Zwei Gründe dafür das der Fall von Frauke Liebs nicht aufgeklärt wurde. Chris beurteilt Frauke leider falsch, traut ihr nichts zu, sieht dadurch seine eigene Leistung nicht richtig. Eine Leistung die zumindest mir geholfen hat, diesen Fall logisch und realistisch nachzuvollziehen.
Der Ermittler hat bestimmt seine Arbeit gut gemacht, aber seine Äußerungen, zumindest der Öffentlichkeit gegenüber, waren einige zu lapidar oder einfach zu oberflächlich. Kann sein, dass das genau die Absicht war, oder aber es fehlte so kurz vor der Rente der Biss, um den Fall doch noch zu lösen? Das aber weiß am Ende nur der Ermittler selbst. Noch einmal, Frauke hat nicht einfach -“ Mama – Mama“ gesagt, sondern jeweils eine Antwort auf eine eindeutige Frage gegeben. Chris fragt: "Wo bist du?" -- Frauke antwortet: "Mama".
Auf eine Frage gab es eine Antwort, die wir nicht verstehen. Gymnasium in Bad Driburg – gibt es einen Zusammenhang?
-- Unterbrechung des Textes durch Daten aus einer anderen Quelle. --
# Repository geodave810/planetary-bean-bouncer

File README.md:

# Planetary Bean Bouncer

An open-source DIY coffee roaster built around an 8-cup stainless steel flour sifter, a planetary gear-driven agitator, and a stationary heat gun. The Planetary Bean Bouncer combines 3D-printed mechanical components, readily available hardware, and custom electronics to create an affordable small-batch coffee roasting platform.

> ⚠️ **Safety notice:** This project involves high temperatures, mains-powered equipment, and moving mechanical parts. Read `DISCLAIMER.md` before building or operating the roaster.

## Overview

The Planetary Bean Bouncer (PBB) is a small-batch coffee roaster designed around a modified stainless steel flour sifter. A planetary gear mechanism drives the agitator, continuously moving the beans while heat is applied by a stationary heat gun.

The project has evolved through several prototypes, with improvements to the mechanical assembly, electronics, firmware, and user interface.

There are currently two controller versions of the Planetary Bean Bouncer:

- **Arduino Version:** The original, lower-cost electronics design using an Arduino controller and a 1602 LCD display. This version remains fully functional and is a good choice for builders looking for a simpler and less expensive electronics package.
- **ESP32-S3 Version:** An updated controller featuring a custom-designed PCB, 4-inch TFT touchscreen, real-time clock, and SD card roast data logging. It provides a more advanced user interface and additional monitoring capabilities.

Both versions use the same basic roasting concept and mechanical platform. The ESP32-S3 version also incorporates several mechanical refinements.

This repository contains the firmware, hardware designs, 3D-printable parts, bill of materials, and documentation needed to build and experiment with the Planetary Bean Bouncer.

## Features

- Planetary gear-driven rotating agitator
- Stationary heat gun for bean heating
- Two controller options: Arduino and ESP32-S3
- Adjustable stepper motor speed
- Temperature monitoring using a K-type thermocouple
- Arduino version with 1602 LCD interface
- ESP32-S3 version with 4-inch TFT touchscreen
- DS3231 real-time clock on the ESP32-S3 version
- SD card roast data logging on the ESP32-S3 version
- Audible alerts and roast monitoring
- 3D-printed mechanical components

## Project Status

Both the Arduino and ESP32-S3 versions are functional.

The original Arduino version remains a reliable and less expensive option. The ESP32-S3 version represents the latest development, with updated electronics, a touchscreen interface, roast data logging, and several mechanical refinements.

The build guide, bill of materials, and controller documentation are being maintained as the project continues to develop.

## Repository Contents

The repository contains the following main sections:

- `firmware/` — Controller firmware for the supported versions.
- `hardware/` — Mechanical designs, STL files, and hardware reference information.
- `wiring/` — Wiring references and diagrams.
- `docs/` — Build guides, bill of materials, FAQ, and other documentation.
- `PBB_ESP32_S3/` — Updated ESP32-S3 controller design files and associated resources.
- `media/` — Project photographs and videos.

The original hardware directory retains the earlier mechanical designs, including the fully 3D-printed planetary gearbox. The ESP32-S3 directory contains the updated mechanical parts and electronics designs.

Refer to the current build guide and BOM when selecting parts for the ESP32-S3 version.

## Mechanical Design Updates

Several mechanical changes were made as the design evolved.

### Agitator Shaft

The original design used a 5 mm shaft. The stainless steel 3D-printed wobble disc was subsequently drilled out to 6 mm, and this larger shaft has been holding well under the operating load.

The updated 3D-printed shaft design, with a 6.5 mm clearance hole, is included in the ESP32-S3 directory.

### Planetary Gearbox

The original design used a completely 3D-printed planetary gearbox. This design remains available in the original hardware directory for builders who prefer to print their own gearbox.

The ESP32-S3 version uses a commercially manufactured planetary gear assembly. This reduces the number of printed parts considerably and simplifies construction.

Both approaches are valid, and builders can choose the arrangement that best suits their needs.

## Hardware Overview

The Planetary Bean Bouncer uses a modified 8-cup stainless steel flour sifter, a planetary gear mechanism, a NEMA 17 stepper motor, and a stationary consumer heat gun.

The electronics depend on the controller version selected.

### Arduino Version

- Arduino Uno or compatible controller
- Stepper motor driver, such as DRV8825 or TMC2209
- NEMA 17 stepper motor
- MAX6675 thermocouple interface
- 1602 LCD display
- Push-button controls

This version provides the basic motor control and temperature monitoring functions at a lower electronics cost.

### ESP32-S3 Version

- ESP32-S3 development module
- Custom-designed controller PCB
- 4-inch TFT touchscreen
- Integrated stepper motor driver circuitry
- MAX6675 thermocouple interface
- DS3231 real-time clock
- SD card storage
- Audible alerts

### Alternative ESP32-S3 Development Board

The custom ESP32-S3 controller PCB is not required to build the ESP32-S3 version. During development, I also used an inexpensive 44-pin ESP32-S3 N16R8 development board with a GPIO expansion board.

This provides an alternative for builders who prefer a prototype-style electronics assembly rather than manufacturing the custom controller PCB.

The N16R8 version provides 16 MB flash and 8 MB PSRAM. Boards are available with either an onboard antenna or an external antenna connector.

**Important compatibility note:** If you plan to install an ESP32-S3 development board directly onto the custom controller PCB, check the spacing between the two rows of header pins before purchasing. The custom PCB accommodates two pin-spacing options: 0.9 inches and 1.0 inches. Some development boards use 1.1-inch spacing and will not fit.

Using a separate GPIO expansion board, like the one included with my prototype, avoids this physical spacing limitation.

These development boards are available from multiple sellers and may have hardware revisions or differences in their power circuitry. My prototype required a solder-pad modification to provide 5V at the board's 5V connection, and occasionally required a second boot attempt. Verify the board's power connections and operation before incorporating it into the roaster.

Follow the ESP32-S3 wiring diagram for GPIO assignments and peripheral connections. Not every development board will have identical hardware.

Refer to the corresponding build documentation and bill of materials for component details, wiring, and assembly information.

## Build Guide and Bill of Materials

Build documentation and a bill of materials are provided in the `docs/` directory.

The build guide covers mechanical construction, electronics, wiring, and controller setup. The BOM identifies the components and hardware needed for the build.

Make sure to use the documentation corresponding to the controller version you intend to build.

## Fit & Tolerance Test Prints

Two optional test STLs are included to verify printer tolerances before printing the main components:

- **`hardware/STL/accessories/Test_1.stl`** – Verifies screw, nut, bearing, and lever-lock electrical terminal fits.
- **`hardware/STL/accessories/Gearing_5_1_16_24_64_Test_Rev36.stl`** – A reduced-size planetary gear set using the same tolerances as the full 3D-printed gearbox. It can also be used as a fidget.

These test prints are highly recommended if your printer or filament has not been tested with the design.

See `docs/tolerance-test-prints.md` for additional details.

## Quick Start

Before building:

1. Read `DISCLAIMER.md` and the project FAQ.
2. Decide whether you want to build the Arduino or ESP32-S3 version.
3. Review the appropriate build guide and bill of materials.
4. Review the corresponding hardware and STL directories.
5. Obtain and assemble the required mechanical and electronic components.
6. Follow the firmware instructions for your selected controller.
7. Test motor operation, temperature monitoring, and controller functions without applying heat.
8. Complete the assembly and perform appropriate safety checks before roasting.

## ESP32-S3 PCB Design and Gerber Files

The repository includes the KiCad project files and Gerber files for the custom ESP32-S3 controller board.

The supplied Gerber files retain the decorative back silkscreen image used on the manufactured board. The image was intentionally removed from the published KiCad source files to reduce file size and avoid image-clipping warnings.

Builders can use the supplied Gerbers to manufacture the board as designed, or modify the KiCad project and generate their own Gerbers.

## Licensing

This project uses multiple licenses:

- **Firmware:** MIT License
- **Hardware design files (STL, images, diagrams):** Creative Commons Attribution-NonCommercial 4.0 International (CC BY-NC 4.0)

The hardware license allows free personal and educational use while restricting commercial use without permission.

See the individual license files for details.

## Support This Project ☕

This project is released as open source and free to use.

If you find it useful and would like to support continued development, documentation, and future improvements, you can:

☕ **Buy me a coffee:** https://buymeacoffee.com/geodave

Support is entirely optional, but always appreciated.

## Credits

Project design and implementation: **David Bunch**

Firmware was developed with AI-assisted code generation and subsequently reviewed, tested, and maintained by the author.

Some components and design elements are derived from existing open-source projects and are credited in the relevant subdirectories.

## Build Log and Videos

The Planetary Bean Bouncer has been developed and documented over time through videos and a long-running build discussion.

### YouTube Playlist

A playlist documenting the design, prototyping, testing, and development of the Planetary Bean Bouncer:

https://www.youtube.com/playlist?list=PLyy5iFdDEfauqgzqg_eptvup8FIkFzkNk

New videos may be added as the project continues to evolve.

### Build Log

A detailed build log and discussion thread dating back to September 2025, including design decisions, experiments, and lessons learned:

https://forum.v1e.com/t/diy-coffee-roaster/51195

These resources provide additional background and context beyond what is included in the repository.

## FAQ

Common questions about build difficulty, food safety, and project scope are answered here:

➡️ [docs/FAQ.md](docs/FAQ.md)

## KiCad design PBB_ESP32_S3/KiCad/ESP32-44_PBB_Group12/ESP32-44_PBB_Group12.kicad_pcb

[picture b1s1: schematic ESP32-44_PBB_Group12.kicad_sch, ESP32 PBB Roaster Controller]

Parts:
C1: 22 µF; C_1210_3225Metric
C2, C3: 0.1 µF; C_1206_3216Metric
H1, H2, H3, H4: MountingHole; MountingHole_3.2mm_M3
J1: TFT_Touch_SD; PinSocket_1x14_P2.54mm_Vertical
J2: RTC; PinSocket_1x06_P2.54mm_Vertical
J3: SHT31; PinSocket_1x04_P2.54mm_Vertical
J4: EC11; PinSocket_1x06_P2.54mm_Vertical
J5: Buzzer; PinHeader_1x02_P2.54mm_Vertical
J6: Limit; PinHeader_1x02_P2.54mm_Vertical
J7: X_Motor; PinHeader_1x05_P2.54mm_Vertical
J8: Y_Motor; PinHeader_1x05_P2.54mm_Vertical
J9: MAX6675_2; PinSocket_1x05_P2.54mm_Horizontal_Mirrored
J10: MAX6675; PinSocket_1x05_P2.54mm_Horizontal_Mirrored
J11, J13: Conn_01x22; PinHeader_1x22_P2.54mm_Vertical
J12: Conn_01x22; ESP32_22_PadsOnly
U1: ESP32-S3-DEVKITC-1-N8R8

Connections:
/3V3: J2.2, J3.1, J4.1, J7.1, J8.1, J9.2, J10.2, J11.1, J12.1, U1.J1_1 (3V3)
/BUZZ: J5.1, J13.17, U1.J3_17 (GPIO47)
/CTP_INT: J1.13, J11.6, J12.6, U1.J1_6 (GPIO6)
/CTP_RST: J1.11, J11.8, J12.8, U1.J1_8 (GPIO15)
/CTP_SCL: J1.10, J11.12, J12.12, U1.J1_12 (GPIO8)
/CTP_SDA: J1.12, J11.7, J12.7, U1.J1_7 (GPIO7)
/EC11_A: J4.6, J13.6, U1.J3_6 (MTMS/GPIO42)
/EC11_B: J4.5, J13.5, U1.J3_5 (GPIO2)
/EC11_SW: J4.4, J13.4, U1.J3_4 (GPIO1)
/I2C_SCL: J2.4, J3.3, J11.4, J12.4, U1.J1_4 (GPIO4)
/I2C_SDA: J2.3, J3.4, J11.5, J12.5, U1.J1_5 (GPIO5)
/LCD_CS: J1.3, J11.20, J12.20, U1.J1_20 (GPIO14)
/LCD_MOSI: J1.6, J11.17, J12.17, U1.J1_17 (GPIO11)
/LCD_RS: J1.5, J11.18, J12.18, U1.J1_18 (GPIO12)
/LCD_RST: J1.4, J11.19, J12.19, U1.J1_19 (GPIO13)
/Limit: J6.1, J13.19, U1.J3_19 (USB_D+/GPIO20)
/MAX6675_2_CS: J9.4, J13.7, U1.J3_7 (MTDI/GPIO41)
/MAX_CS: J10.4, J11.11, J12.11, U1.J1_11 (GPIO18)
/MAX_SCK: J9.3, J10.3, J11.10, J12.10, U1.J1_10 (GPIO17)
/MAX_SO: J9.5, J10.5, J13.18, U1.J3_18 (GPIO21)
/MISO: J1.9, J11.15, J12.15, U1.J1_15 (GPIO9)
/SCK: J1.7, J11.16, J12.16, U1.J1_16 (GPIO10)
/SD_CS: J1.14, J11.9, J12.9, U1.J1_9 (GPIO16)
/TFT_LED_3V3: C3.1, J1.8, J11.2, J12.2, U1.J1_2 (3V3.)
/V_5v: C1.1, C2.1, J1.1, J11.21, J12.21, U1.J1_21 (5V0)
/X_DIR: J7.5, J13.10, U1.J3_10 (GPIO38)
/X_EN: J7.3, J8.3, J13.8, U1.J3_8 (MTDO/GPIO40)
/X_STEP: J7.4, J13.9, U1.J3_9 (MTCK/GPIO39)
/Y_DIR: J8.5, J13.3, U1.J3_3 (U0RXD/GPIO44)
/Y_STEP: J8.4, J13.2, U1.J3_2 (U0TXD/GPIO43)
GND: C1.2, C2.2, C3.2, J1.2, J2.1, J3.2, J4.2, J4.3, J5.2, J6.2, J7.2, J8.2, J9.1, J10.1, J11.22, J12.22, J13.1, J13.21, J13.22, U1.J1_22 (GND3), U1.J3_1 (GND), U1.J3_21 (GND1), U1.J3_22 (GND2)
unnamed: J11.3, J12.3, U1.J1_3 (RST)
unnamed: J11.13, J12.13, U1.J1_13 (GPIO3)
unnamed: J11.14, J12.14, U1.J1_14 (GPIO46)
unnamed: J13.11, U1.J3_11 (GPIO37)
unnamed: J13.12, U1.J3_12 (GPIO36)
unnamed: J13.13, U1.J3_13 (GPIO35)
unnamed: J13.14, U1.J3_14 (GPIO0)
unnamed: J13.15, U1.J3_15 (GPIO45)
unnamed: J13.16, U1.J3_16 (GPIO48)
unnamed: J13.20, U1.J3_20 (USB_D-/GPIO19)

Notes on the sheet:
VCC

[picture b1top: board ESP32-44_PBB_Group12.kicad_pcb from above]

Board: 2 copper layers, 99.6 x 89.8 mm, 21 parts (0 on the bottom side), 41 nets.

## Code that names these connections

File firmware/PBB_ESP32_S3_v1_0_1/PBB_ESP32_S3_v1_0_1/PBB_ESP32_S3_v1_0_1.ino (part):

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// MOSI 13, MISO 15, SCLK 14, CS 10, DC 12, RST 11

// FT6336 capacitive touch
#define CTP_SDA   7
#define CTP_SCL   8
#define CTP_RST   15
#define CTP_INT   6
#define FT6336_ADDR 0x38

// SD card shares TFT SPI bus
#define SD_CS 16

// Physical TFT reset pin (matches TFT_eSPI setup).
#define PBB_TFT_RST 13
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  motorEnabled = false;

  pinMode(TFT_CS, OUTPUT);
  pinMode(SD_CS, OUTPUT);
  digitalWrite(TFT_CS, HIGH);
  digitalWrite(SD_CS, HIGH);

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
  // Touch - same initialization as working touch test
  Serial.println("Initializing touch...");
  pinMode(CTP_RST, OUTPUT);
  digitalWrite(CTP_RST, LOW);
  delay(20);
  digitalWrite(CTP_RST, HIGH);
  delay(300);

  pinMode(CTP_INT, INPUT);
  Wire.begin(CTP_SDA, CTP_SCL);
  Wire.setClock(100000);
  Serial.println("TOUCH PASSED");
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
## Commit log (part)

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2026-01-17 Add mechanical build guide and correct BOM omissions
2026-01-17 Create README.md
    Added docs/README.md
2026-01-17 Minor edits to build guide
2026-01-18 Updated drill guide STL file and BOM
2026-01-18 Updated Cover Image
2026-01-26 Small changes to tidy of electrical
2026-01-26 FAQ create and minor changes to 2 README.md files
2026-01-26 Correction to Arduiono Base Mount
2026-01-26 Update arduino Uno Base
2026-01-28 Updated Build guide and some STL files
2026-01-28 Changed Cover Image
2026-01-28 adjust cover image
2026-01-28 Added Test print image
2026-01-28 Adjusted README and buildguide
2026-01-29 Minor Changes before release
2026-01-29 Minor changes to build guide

Nein und Ja !
Frauke bekommt von Cris eine perfekte Vorlage. Sie kann endlich nach dem Ort auch die Straße ihres Verstecks benennen - “ Paderborn – Driburger Straße “ ! Das “Mama“ eine versteckte/verschlüsselt Antwort war dürfte jetzt verständlich sein. Frauke hat damals schnell und gut auf die Frage von Chris reagiert. Frauke hat für mich gezeigt, dass sie schon mehr als nur durchschnitt war. Sie hat es geschafft zahlreiche Hinweise zu geben, wir haben sie aber bis Heute nicht verstanden. Die Telefonkontakte sind aus meiner Sicht hauptsächlich von von Frauke ausgegangen.
Für Mich ist der Fall glaubhaft und verständlich nachvollziehbar. Fragen gibt es nicht mehr.
Das Geographische Profil, sogar die Zuordnung der Telefonmasten ist aus meiner Sicht für einen einigermaßen guten Profiler nicht wirklich schwer zu erklären.
Eine Frage oder Antwort sind o.k., lange Diskussionen müssen nicht mehr sein. Die Familie Liebs kennt mein Gedanken schon und kann selbst endscheiden wie sie damit Umgehen möchte.
Aber auch die Polizei hat 1 Woche eines von 3 der gemachten Fotobücher mit meinen Gedanken.
Irgend wann wird sich jemand damit befassen und merken, der Fall ist richtig gesehen gar nicht so
schwer zu verstehen.
Sollte die Täterin hier noch mitlesen, was ich nicht gerade mehr glaube, dann weiß sie das dieser Tatablauf genau so war wie von mir beschrieben. Das bedeutet, nicht mehr lange und es Schellt an der Tür.